Sobota 13 lutego 2016 Wielu z nas dzisiaj nie modli się. A jeśli już, to z niechęcią lub z jakimś przymusem, z przekonaniem, że Bóg wymaga od nas słów (pacierza, różańca, litanii).
Bardzo wiele o modlitwie nauczyłem się od drzew i wiem, że modlitwa jest jak drzewo. Drzewo rośnie wzwyż, w górę, to jest pierwszy wymiar modlitwy. Drzewo, dalej, nieustannie wrasta w ziemię, rozkorzenia się. Tak jakby od wzrostu w górę nabierało mocy do wkorzeniania się. A trzeci wymiar modlitwy to rozgałęzienie, na podobieństwo drzew, rozpostarcie ramion na wszystkie strony, objęcie wszystkich.

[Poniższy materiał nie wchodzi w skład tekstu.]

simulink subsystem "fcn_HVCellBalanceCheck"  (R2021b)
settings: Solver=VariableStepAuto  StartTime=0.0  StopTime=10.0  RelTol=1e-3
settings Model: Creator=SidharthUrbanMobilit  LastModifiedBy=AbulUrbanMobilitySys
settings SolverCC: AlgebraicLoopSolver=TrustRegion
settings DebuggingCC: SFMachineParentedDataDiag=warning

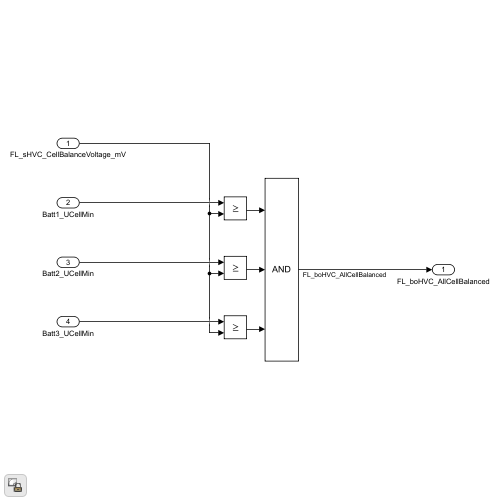
[thumbnail: Simulink's stored preview of the top-level diagram]
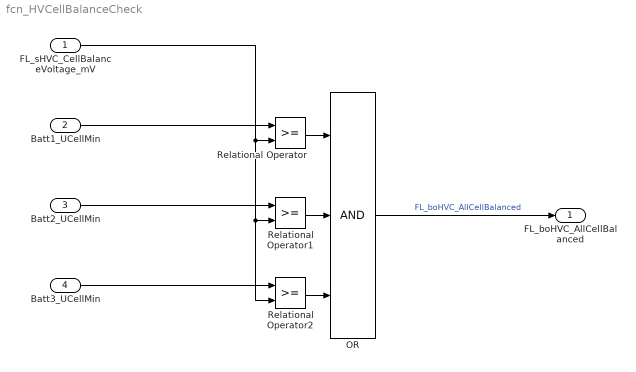
== system fcn_HVCellBalanceCheck ==
  FL_sHVC_CellBalanceVoltage_mV : Inport  OutDataTypeStr=single
  Batt1_UCellMin : Inport  Port=2  OutDataTypeStr=single
  Batt2_UCellMin : Inport  Port=3  OutDataTypeStr=single
  Batt3_UCellMin : Inport  Port=4  OutDataTypeStr=single
  OR : Logic  Inputs=3  AllPortsSameDT=off  OutDataTypeStr=boolean
  Relational Operator : RelationalOperator  OutDataTypeStr=boolean  RndMeth=Simplest
  Relational Operator1 : RelationalOperator  OutDataTypeStr=boolean  RndMeth=Simplest
  Relational Operator2 : RelationalOperator  OutDataTypeStr=boolean  RndMeth=Simplest
  FL_boHVC_AllCellBalanced : Outport  OutDataTypeStr=boolean
  wires:
  Batt3_UCellMin/1 -> Relational Operator2/1
  Batt1_UCellMin/1 -> Relational Operator/1
  OR/1 -> FL_boHVC_AllCellBalanced/1  "FL_boHVC_AllCellBalanced"
  Relational Operator1/1 -> OR/2
  Batt2_UCellMin/1 -> Relational Operator1/1
  FL_sHVC_CellBalanceVoltage_mV/1 -> Relational Operator2/2, Relational Operator1/2, Relational Operator/2
  Relational Operator2/1 -> OR/3
  Relational Operator/1 -> OR/1

Zatem modlitwa to trzy proste rzeczy, pierwsza – spoglądanie wzwyż, ku Bogu. Druga, to jak najmocniejsze wrastanie w sprawy ziemi, w nasze zwykłe ludzkie dzieła, w działanie i sen, w czucie gruntu pod nogami. I trzecia, to radosne rozpostarcie ramion na wszystkich ludzi, z którymi idziemy przez życie, po to, aby ich przygarnąć.